*** Opening of DATASET CONTENT ***
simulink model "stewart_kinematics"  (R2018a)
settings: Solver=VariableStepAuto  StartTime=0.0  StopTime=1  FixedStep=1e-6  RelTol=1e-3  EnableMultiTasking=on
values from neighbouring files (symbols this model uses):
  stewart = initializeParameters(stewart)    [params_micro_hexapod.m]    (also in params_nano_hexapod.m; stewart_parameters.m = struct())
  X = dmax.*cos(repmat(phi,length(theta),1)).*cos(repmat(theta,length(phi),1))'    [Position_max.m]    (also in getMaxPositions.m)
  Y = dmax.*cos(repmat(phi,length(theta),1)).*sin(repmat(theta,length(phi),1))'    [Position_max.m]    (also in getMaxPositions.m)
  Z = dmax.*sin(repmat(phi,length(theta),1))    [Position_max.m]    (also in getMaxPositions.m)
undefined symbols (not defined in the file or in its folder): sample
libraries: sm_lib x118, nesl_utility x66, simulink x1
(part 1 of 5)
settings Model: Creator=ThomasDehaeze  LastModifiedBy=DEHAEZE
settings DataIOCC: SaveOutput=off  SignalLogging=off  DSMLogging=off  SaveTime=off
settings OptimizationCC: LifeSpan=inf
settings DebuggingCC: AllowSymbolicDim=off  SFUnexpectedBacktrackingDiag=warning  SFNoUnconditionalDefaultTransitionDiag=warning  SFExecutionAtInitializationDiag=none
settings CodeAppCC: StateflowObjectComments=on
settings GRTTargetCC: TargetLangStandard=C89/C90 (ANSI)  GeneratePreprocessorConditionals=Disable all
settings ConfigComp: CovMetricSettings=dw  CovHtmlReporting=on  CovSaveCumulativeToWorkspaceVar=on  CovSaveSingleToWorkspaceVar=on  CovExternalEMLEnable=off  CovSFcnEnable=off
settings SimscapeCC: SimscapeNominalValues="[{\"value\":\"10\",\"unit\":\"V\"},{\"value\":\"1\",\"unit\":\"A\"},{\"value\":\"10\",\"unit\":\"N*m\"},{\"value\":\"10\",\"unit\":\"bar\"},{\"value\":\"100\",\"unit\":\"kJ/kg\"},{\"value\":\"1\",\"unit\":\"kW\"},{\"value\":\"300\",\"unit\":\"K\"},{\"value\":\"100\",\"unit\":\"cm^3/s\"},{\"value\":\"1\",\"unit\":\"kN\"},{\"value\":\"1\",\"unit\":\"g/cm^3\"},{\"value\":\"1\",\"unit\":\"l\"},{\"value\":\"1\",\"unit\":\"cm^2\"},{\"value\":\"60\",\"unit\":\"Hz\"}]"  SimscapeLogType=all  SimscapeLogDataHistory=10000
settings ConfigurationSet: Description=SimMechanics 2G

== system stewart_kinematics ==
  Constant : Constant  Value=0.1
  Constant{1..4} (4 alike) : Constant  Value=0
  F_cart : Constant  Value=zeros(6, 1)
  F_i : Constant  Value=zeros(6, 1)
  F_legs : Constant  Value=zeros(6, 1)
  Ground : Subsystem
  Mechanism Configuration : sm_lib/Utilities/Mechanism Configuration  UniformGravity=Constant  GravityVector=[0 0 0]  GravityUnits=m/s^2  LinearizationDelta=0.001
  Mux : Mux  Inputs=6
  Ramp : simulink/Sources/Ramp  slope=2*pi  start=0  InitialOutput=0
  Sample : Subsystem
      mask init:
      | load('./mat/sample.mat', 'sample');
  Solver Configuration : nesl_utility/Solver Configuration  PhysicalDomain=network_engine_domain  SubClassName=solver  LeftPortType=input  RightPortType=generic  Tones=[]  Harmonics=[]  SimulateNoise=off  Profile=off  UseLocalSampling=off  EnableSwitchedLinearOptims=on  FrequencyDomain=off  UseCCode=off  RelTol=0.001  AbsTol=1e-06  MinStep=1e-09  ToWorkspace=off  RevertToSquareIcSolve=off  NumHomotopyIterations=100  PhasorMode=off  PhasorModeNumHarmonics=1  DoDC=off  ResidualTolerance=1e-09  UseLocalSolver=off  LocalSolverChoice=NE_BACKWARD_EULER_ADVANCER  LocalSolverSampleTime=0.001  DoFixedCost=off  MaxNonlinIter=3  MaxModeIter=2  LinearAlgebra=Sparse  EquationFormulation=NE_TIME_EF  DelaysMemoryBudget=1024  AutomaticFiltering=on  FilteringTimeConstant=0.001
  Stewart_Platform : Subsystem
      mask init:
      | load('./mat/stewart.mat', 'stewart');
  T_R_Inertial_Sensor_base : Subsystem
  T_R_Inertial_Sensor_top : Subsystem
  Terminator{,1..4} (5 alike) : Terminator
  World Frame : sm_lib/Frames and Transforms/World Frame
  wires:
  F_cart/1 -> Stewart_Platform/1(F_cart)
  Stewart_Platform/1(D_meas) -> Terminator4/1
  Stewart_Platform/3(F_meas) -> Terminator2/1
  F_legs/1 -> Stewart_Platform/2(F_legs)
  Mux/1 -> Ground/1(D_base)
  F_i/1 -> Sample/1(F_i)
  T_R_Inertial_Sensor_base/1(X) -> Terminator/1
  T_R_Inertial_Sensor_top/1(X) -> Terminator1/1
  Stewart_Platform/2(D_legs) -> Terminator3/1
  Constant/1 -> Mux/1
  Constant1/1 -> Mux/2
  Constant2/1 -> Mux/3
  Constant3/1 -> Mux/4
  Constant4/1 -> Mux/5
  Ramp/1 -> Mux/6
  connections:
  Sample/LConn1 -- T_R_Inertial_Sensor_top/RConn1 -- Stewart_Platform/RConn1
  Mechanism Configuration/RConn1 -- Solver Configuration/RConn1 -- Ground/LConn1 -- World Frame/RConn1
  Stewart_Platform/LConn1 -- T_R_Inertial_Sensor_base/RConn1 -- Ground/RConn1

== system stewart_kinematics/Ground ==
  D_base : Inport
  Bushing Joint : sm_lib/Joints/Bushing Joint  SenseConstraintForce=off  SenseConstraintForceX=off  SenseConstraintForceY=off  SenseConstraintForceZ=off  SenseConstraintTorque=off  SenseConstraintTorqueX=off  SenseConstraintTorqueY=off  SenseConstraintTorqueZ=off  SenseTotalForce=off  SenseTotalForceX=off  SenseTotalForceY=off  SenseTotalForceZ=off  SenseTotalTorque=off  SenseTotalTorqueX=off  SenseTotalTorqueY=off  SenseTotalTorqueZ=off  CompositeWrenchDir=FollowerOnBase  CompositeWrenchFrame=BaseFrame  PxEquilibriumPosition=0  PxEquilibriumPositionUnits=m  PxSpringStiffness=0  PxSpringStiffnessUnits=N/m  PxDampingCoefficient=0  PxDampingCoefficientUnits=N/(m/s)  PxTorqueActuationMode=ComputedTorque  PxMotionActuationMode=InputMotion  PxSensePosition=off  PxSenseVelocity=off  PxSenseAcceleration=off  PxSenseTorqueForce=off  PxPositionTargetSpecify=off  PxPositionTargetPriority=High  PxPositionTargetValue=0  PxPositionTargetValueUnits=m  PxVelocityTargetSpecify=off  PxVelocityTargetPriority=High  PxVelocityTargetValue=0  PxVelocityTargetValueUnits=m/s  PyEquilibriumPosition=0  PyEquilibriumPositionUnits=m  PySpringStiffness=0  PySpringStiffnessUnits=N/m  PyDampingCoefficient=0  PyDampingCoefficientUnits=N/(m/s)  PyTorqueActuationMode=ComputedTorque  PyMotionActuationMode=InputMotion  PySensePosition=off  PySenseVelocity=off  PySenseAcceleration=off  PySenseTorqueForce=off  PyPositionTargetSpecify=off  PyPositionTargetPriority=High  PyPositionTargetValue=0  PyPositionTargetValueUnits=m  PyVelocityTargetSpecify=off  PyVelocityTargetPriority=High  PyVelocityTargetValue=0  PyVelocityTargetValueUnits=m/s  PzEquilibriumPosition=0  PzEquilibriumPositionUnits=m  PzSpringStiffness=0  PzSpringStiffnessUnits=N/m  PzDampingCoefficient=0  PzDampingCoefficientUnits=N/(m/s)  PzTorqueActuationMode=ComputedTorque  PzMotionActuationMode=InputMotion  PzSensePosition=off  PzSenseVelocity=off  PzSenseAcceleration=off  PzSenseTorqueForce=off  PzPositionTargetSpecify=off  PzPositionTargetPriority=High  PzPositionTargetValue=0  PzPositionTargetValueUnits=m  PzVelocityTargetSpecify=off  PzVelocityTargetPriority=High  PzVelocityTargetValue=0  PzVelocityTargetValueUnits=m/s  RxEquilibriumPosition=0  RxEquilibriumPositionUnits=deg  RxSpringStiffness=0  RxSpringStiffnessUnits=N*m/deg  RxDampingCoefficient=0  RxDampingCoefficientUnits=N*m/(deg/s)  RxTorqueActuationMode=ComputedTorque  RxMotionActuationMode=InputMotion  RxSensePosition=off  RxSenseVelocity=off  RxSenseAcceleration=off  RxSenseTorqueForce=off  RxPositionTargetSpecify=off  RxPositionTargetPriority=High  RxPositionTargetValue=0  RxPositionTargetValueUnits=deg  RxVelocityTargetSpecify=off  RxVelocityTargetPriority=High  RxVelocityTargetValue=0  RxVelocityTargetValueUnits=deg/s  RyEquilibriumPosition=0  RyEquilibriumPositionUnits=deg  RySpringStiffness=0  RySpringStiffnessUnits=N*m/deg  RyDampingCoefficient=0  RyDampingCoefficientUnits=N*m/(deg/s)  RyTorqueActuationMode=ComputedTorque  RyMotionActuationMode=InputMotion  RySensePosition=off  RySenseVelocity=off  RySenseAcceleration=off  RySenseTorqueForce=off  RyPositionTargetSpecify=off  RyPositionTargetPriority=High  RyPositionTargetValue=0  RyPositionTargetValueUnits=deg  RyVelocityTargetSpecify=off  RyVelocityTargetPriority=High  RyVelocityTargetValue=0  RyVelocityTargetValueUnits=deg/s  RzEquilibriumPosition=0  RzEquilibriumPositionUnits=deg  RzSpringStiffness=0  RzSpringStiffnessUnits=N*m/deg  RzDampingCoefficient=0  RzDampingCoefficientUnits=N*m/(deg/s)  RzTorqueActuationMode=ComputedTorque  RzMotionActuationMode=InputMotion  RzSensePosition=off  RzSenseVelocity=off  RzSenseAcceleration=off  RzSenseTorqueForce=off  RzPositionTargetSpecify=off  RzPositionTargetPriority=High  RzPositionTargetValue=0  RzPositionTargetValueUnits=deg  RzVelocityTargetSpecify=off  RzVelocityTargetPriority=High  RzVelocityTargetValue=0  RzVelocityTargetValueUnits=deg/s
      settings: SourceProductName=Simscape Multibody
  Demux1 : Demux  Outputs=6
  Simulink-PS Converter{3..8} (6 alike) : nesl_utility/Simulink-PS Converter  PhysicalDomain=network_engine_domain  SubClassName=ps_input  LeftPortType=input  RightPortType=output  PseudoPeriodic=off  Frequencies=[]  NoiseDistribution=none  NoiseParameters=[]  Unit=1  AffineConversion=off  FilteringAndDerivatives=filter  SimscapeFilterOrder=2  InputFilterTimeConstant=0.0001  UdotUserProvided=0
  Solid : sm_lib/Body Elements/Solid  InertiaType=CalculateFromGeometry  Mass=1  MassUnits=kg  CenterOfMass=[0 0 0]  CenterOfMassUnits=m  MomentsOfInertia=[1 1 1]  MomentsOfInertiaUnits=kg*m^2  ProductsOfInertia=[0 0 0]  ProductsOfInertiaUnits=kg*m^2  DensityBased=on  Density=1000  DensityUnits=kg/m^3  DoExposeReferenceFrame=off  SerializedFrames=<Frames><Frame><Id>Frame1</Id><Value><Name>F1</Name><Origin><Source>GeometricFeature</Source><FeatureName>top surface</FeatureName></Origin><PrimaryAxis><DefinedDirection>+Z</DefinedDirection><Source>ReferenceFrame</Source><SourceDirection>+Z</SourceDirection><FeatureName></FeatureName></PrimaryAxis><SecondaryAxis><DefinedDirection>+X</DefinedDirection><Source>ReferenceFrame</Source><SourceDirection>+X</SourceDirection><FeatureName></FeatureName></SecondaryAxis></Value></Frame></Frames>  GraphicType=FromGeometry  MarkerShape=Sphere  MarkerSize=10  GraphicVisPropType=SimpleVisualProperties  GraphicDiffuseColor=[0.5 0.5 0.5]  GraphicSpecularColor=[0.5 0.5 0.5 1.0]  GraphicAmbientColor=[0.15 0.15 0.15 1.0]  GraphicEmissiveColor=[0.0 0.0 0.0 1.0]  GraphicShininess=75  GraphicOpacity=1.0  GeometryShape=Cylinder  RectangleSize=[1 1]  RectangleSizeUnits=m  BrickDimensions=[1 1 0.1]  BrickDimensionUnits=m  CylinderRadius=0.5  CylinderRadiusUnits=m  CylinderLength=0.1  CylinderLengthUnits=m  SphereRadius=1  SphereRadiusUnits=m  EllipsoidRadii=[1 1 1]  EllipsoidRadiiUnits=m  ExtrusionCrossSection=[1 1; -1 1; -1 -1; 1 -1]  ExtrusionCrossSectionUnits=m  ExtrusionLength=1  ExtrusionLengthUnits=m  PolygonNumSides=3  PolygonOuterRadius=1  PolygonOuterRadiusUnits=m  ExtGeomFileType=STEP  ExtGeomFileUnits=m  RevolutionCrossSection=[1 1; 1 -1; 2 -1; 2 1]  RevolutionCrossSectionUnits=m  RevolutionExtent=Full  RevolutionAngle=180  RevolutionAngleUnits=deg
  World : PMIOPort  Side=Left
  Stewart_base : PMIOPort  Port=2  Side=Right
*** Close of DATASET CONTENT ***
• **WHAT IS EXPECTED**:
Go through the material and copy every line in which the word "load" occurs.

• **SOLUTION TO THIS EXERCISE**:
      | load('./mat/sample.mat', 'sample');
      | load('./mat/stewart.mat', 'stewart');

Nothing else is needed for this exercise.